杜清渊蹲下身,仔细地瞧了瞧赵方舟,颔首道,“应该是被下了药。”
杜清城倏地阴沉下脸,冷声斥道,“这阮倩真是个祸害!”
杜清渊站起身,一面走回上位,一面摇头道,“此事没那么简单。”
“说来,我们是承了赵方舟的情。此刻,施手相助原在情理之中。只是今晚之事关涉大殿下和阮倩,不管赵方舟说与不说,此事定要支会莲笙。”
杜清渊微微颔首,“小弟说的是,一切待赵方舟醒来再说。”说话间,徐净已经领着觉慧进了屋。
“麻烦……你给他瞧瞧。”
如今觉慧已不算僧人,身份尴尬。杜清城对如何称呼他一直有些困惑。
觉慧也没多问,连眼角都没有一丝翕动。他径自走到赵方舟面前,探手为其把了脉,说道,“在下能施针为其缓解症状,但这药效太过厉害,麻烦准备一只木桶并一桶凉水。”

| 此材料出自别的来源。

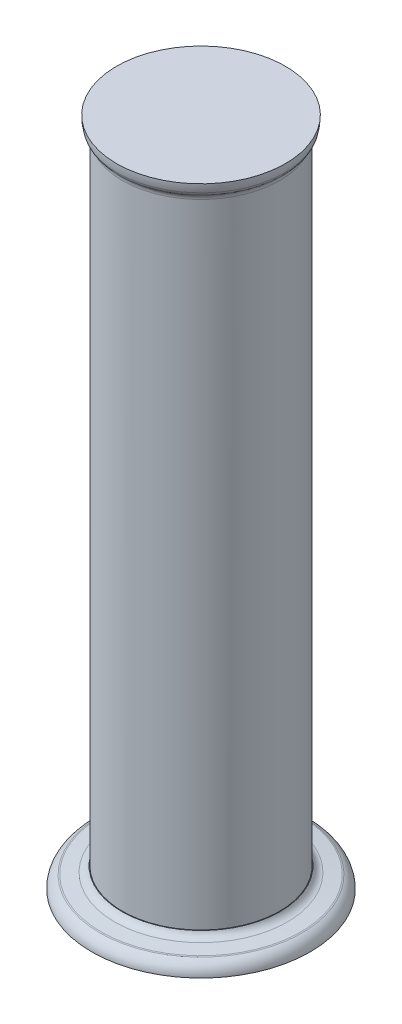
ISO-10303-21;
HEADER;
FILE_DESCRIPTION(('STEP AP214'),'2;1');
FILE_NAME('part.step','',(''),(''),'','','');
FILE_SCHEMA(('AUTOMOTIVE_DESIGN { 1 0 10303 214 1 1 1 1 }'));
ENDSEC;
DATA;
#1=APPLICATION_CONTEXT('core data for automotive mechanical design processes');
#2=APPLICATION_PROTOCOL_DEFINITION('international standard','automotive_design',2000,#1);
#3=PRODUCT_CONTEXT('',#1,'mechanical');
#4=PRODUCT('Part','Part','',(#3));
#5=PRODUCT_RELATED_PRODUCT_CATEGORY('part','',(#4));
#6=PRODUCT_DEFINITION_FORMATION('','',#4);
#7=PRODUCT_DEFINITION_CONTEXT('part definition',#1,'design');
#8=PRODUCT_DEFINITION('design','',#6,#7);
#9=PRODUCT_DEFINITION_SHAPE('','',#8);
#10=(LENGTH_UNIT() NAMED_UNIT(*) SI_UNIT(.MILLI.,.METRE.));
#11=(NAMED_UNIT(*) PLANE_ANGLE_UNIT() SI_UNIT($,.RADIAN.));
#12=(NAMED_UNIT(*) SI_UNIT($,.STERADIAN.) SOLID_ANGLE_UNIT());
#13=UNCERTAINTY_MEASURE_WITH_UNIT(LENGTH_MEASURE(1.E-05),#10,'distance_accuracy_value','');
#14=(GEOMETRIC_REPRESENTATION_CONTEXT(3) GLOBAL_UNCERTAINTY_ASSIGNED_CONTEXT((#13)) GLOBAL_UNIT_ASSIGNED_CONTEXT((#10,
#11,#12)) REPRESENTATION_CONTEXT('',''));
#15=CARTESIAN_POINT('',(0.,0.,0.));
#16=DIRECTION('',(0.,0.,1.));
#17=DIRECTION('',(1.,0.,0.));
#18=AXIS2_PLACEMENT_3D('',#15,#16,#17);
#19=CARTESIAN_POINT('',(-3.29577813896613E-12,213.800000000003,-251.000000000001));
#20=DIRECTION('',(0.,-1.,0.));
#21=DIRECTION('',(0.,0.,-1.));
#22=AXIS2_PLACEMENT_3D('',#19,#20,#21);
#23=PLANE('',#22);
#24=CARTESIAN_POINT('',(-3.29766225910432E-12,213.800000000003,-176.000000000001));
#25=DIRECTION('',(0.,1.,0.));
#26=DIRECTION('',(0.,0.,1.));
#27=AXIS2_PLACEMENT_3D('',#24,#25,#26);
#28=CIRCLE('',#27,75.);
#29=CARTESIAN_POINT('',(-3.29766225910432E-12,213.800000000003,-101.000000000001));
#30=VERTEX_POINT('',#29);
#31=EDGE_CURVE('E33',#30,#30,#28,.T.);
#32=ORIENTED_EDGE('',*,*,#31,.F.);
#33=EDGE_LOOP('',(#32));
#34=FACE_BOUND('',#33,.T.);
#35=ADVANCED_FACE('F30',(#34),#23,.T.);
#36=CARTESIAN_POINT('',(-3.29766225910432E-12,213.800000000003,-176.000000000001));
#37=DIRECTION('',(0.,1.,0.));
#38=DIRECTION('',(0.,0.,1.));
#39=AXIS2_PLACEMENT_3D('',#36,#37,#38);
#40=TOROIDAL_SURFACE('',#39,65.5989529684485,9.40104703155155);
#41=CARTESIAN_POINT('',(-3.29781962002054E-12,222.366147078511,-176.000000000001));
#42=DIRECTION('',(0.,1.,0.));
#43=DIRECTION('',(0.,0.,1.));
#44=AXIS2_PLACEMENT_3D('',#41,#42,#43);
#45=CIRCLE('',#44,69.4720408216769);
#46=CARTESIAN_POINT('',(-3.29781962002054E-12,222.366147078511,-106.527959178324));
#47=VERTEX_POINT('',#46);
#48=EDGE_CURVE('E79',#47,#47,#45,.T.);
#49=ORIENTED_EDGE('',*,*,#48,.F.);
#50=EDGE_LOOP('',(#49));
#51=FACE_BOUND('',#50,.T.);
#52=ORIENTED_EDGE('',*,*,#31,.T.);
#53=EDGE_LOOP('',(#52));
#54=FACE_BOUND('',#53,.T.);
#55=ADVANCED_FACE('F88',(#51,#54),#40,.T.);
#56=CARTESIAN_POINT('',(-3.29781962002054E-12,219.780358568721,-176.000000000001));
#57=DIRECTION('',(0.,1.,0.));
#58=DIRECTION('',(0.,0.,1.));
#59=AXIS2_PLACEMENT_3D('',#56,#57,#58);
#60=TOROIDAL_SURFACE('',#59,68.3029053893175,2.83781251610467);
#61=CARTESIAN_POINT('',(-3.30202314347965E-12,222.59701846066,-176.000000000001));
#62=DIRECTION('',(0.,-1.,0.));
#63=DIRECTION('',(0.,0.,1.));
#64=AXIS2_PLACEMENT_3D('',#61,#62,#63);
#65=CIRCLE('',#64,68.6487477373621);
#66=CARTESIAN_POINT('',(-3.30773930000587E-12,222.59701846066,-107.351252262639));
#67=VERTEX_POINT('',#66);
#68=EDGE_CURVE('E76',#67,#67,#65,.F.);
#69=ORIENTED_EDGE('',*,*,#68,.F.);
#70=EDGE_LOOP('',(#69));
#71=FACE_BOUND('',#70,.T.);
#72=ORIENTED_EDGE('',*,*,#48,.T.);
#73=EDGE_LOOP('',(#72));
#74=FACE_BOUND('',#73,.T.);
#75=ADVANCED_FACE('F84',(#71,#74),#60,.T.);
#76=CARTESIAN_POINT('',(-3.29719371126791E-12,674.400000000003,-233.999544291101));
#77=DIRECTION('',(0.,1.,0.));
#78=DIRECTION('',(0.,0.,1.));
#79=AXIS2_PLACEMENT_3D('',#76,#77,#78);
#80=PLANE('',#79);
#81=CARTESIAN_POINT('',(-3.29847169566624E-12,674.400000000003,-176.000000000001));
#82=DIRECTION('',(0.,1.,0.));
#83=DIRECTION('',(0.,0.,1.));
#84=AXIS2_PLACEMENT_3D('',#81,#82,#83);
#85=CIRCLE('',#84,57.9995442910995);
#86=CARTESIAN_POINT('',(-3.29847169566624E-12,674.400000000003,-118.000455708902));
#87=VERTEX_POINT('',#86);
#88=EDGE_CURVE('E73',#87,#87,#85,.F.);
#89=ORIENTED_EDGE('',*,*,#88,.F.);
#90=EDGE_LOOP('',(#89));
#91=FACE_BOUND('',#90,.T.);
#92=ADVANCED_FACE('F87',(#91),#80,.T.);
#93=CARTESIAN_POINT('',(-3.30202314347965E-12,222.59701846066,-176.000000000001));
#94=DIRECTION('',(0.,-1.,0.));
#95=DIRECTION('',(0.,0.,-1.));
#96=AXIS2_PLACEMENT_3D('',#93,#94,#95);
#97=CONICAL_SURFACE('',#96,68.6487477373623,1.4486232791553);
#98=ORIENTED_EDGE('',*,*,#68,.T.);
#99=EDGE_LOOP('',(#98));
#100=FACE_BOUND('',#99,.T.);
#101=CARTESIAN_POINT('',(-3.30565230980669E-12,223.748733196857,-176.000000000001));
#102=DIRECTION('',(0.,1.,0.));
#103=DIRECTION('',(0.,0.,1.));
#104=AXIS2_PLACEMENT_3D('',#101,#102,#103);
#105=CIRCLE('',#104,59.2687839395692);
#106=CARTESIAN_POINT('',(-3.30565230980669E-12,223.748733196857,-116.731216060432));
#107=VERTEX_POINT('',#106);
#108=EDGE_CURVE('E71',#107,#107,#105,.F.);
#109=ORIENTED_EDGE('',*,*,#108,.T.);
#110=EDGE_LOOP('',(#109));
#111=FACE_BOUND('',#110,.T.);
#112=ADVANCED_FACE('F104',(#100,#111),#97,.T.);
#113=CARTESIAN_POINT('',(-3.29847169566624E-12,674.548999036331,-176.000000000001));
#114=DIRECTION('',(0.,1.,0.));
#115=DIRECTION('',(0.,0.,1.));
#116=AXIS2_PLACEMENT_3D('',#113,#114,#115);
#117=TOROIDAL_SURFACE('',#116,33.642434735737,24.3575652848301);
#118=ORIENTED_EDGE('',*,*,#88,.T.);
#119=EDGE_LOOP('',(#118));
#120=FACE_BOUND('',#119,.T.);
#121=CARTESIAN_POINT('',(-3.29851886267183E-12,668.470084925447,-176.000000000001));
#122=DIRECTION('',(0.,1.,0.));
#123=DIRECTION('',(0.,0.,1.));
#124=AXIS2_PLACEMENT_3D('',#121,#122,#123);
#125=CIRCLE('',#124,57.2292486332781);
#126=CARTESIAN_POINT('',(-3.29851886267183E-12,668.470084925447,-118.770751366723));
#127=VERTEX_POINT('',#126);
#128=EDGE_CURVE('E50',#127,#127,#125,.F.);
#129=ORIENTED_EDGE('',*,*,#128,.F.);
#130=EDGE_LOOP('',(#129));
#131=FACE_BOUND('',#130,.T.);
#132=ADVANCED_FACE('F64',(#120,#131),#117,.T.);
#133=CARTESIAN_POINT('',(-3.30547800626991E-12,229.704010106705,-176.000000000001));
#134=DIRECTION('',(0.,1.,0.));
#135=DIRECTION('',(0.,0.,1.));
#136=AXIS2_PLACEMENT_3D('',#133,#134,#135);
#137=TOROIDAL_SURFACE('',#136,60.,6.00000000000001);
#138=ORIENTED_EDGE('',*,*,#108,.F.);
#139=EDGE_LOOP('',(#138));
#140=FACE_BOUND('',#139,.T.);
#141=CARTESIAN_POINT('',(-3.3055410530962E-12,227.549944183851,-176.000000000001));
#142=DIRECTION('',(0.,1.,0.));
#143=DIRECTION('',(0.,0.,1.));
#144=AXIS2_PLACEMENT_3D('',#141,#142,#143);
#145=CIRCLE('',#144,54.4);
#146=CARTESIAN_POINT('',(-3.3055410530962E-12,227.549944183851,-121.600000000001));
#147=VERTEX_POINT('',#146);
#148=EDGE_CURVE('E96',#147,#147,#145,.T.);
#149=ORIENTED_EDGE('',*,*,#148,.F.);
#150=EDGE_LOOP('',(#149));
#151=FACE_BOUND('',#150,.T.);
#152=ADVANCED_FACE('F58',(#140,#151),#137,.F.);
#153=CARTESIAN_POINT('',(-3.29851886267183E-12,669.71793421576,-176.000000000001));
#154=DIRECTION('',(0.,1.,0.));
#155=DIRECTION('',(0.,0.,1.));
#156=AXIS2_PLACEMENT_3D('',#153,#154,#155);
#157=TOROIDAL_SURFACE('',#156,52.3874646491793,5.00000000000109);
#158=ORIENTED_EDGE('',*,*,#128,.T.);
#159=EDGE_LOOP('',(#158));
#160=FACE_BOUND('',#159,.T.);
#161=CARTESIAN_POINT('',(-3.30328899422403E-12,666.220594287331,-176.000000000001));
#162=DIRECTION('',(0.,1.,0.));
#163=DIRECTION('',(-1.,0.,0.));
#164=AXIS2_PLACEMENT_3D('',#161,#162,#163);
#165=CIRCLE('',#164,55.9607843137254);
#166=CARTESIAN_POINT('',(-55.9607843137287,666.220594287331,-176.000000000001));
#167=VERTEX_POINT('',#166);
#168=EDGE_CURVE('E42',#167,#167,#165,.T.);
#169=ORIENTED_EDGE('',*,*,#168,.T.);
#170=EDGE_LOOP('',(#169));
#171=FACE_BOUND('',#170,.T.);
#172=ADVANCED_FACE('F53',(#160,#171),#157,.T.);
#173=CARTESIAN_POINT('',(-3.29749343353917E-12,227.549944183851,-230.400000000001));
#174=DIRECTION('',(0.,1.,0.));
#175=DIRECTION('',(0.,0.,1.));
#176=AXIS2_PLACEMENT_3D('',#173,#174,#175);
#177=PLANE('',#176);
#178=CARTESIAN_POINT('',(-3.30202314347965E-12,227.549944183851,-176.000000000001));
#179=DIRECTION('',(0.,-1.,0.));
#180=DIRECTION('',(0.,0.,-1.));
#181=AXIS2_PLACEMENT_3D('',#178,#179,#180);
#182=CIRCLE('',#181,54.);
#183=CARTESIAN_POINT('',(-3.30202314347965E-12,227.549944183851,-230.000000000001));
#184=VERTEX_POINT('',#183);
#185=EDGE_CURVE('E37',#184,#184,#182,.F.);
#186=ORIENTED_EDGE('',*,*,#185,.F.);
#187=EDGE_LOOP('',(#186));
#188=FACE_BOUND('',#187,.T.);
#189=ORIENTED_EDGE('',*,*,#148,.T.);
#190=EDGE_LOOP('',(#189));
#191=FACE_BOUND('',#190,.T.);
#192=ADVANCED_FACE('F57',(#188,#191),#177,.T.);
#193=CARTESIAN_POINT('',(-3.30532968983734E-12,662.25030865374,-176.000000000001));
#194=DIRECTION('',(0.,1.,0.));
#195=DIRECTION('',(-1.,0.,0.));
#196=AXIS2_PLACEMENT_3D('',#193,#194,#195);
#197=TOROIDAL_SURFACE('',#196,59.0000000000003,5.00000000000024);
#198=CARTESIAN_POINT('',(-3.30202314347965E-12,662.25030865374,-176.000000000001));
#199=DIRECTION('',(0.,-1.,0.));
#200=DIRECTION('',(0.,0.,-1.));
#201=AXIS2_PLACEMENT_3D('',#198,#199,#200);
#202=CIRCLE('',#201,54.);
#203=CARTESIAN_POINT('',(-3.30202314347965E-12,662.25030865374,-230.000000000001));
#204=VERTEX_POINT('',#203);
#205=EDGE_CURVE('E10',#204,#204,#202,.T.);
#206=ORIENTED_EDGE('',*,*,#205,.F.);
#207=EDGE_LOOP('',(#206));
#208=FACE_BOUND('',#207,.T.);
#209=ORIENTED_EDGE('',*,*,#168,.F.);
#210=EDGE_LOOP('',(#209));
#211=FACE_BOUND('',#210,.T.);
#212=ADVANCED_FACE('F111',(#208,#211),#197,.F.);
#213=CARTESIAN_POINT('',(-3.30202314347965E-12,213.800000000003,-176.000000000001));
#214=DIRECTION('',(0.,-1.,0.));
#215=DIRECTION('',(0.,0.,-1.));
#216=AXIS2_PLACEMENT_3D('',#213,#214,#215);
#217=CYLINDRICAL_SURFACE('',#216,54.);
#218=ORIENTED_EDGE('',*,*,#185,.T.);
#219=EDGE_LOOP('',(#218));
#220=FACE_BOUND('',#219,.T.);
#221=ORIENTED_EDGE('',*,*,#205,.T.);
#222=EDGE_LOOP('',(#221));
#223=FACE_BOUND('',#222,.T.);
#224=ADVANCED_FACE('F109',(#220,#223),#217,.T.);
#225=CLOSED_SHELL('',(#35,#55,#75,#92,#112,#132,#152,#172,#192,#212,#224));
#226=MANIFOLD_SOLID_BREP('B2',#225);
#227=ADVANCED_BREP_SHAPE_REPRESENTATION('',(#18,#226),#14);
#228=SHAPE_DEFINITION_REPRESENTATION(#9,#227);
ENDSEC;
END-ISO-10303-21;

“徐净,你去门口把小柱子叫回来,让他去准备。”杜清城侧头,看了看地上的赵方舟,见其脸色潮红,呼吸渐急,似将醒未醒的模样。
徐净也看出端倪,弯腰一把扛起赵方舟,“我把他先安置在徐童之前住的那屋吧。”
杜清城点了点头,“辛苦了。”
觉慧站起身,随徐净而去。
杜清渊目送着几人的背影从门口完全消失,方才启口道,“今日朱星宇之事是为了这觉慧?”
杜清城沉吟片刻,说道,“是,也不是。”
“就算有朱星宇在手,想要恢复觉慧的身份只怕也不是易事。”杜清渊若有所思。
“紫国皇上如今膝下女儿众多,唯缺儿子。”杜清城叹口气,“只是不知那皇上是否还记得觉慧!”
“你们这次出行,觉慧也要同行?”
杜清城点点头,“若把觉慧留下,不单杜府会有麻烦,就连青国说不定也会连带遭殃。”
杜清渊蓦地睁大了眼,惊愕道,“你的意思是那紫国长公主已经察觉觉慧的存在?”
杜清城遂将那日从祖父院里捉到紫国暗卫的事道与了杜清渊,末了忍不住又道,“我和莲笙走后,杜府定要小心行事,切莫招惹是非。这回几位王爷都被捋去封号,说来都与莲笙有关。他们明着不敢动手,暗地里可不知道会使些什么手段。”
“明白,你放心就是。”说着,杜清渊勾唇一笑,打趣道,“小弟,我觉着你近来成长了不少。怪道旁人都说男子成家后就会稳重。”
杜清城涨红了脸,讪讪道,“大哥如此端方沉稳之人,怎也拿小弟开玩笑?”
杜清渊含笑又道,“大哥是真心为你高兴!”
杜清城想着明日即将大婚,心情又好了不少。
秦莲笙回到宫里,便有内侍来报,永真帝宣她进见。虽然时辰已是不早,但她还是略微收拾了一下,便前往永真帝的书房。一路走来,秦莲笙想着永真帝在这样夜深更漏之时还不得不在书房忙碌国事,不由暗叹做帝王的不易。几番思绪后,不觉间,她已经来到了书房外。
门口侍奉的内侍连忙通禀,殿内传来李德生宣她进入的声音。
秦莲笙举步走进大殿,正遇见被永真帝挥退的李德生匆匆而出。她瞄了眼李德生肃穆的脸庞,再移目瞥了眼永真帝,见其脸色不好,心中有了几分猜测。
待房门刚刚被掩上,果不其然,永真帝立刻就沉下脸,冷笑道,“不知朕的女儿准备大婚怎么就准备到杜清城那儿去了?!”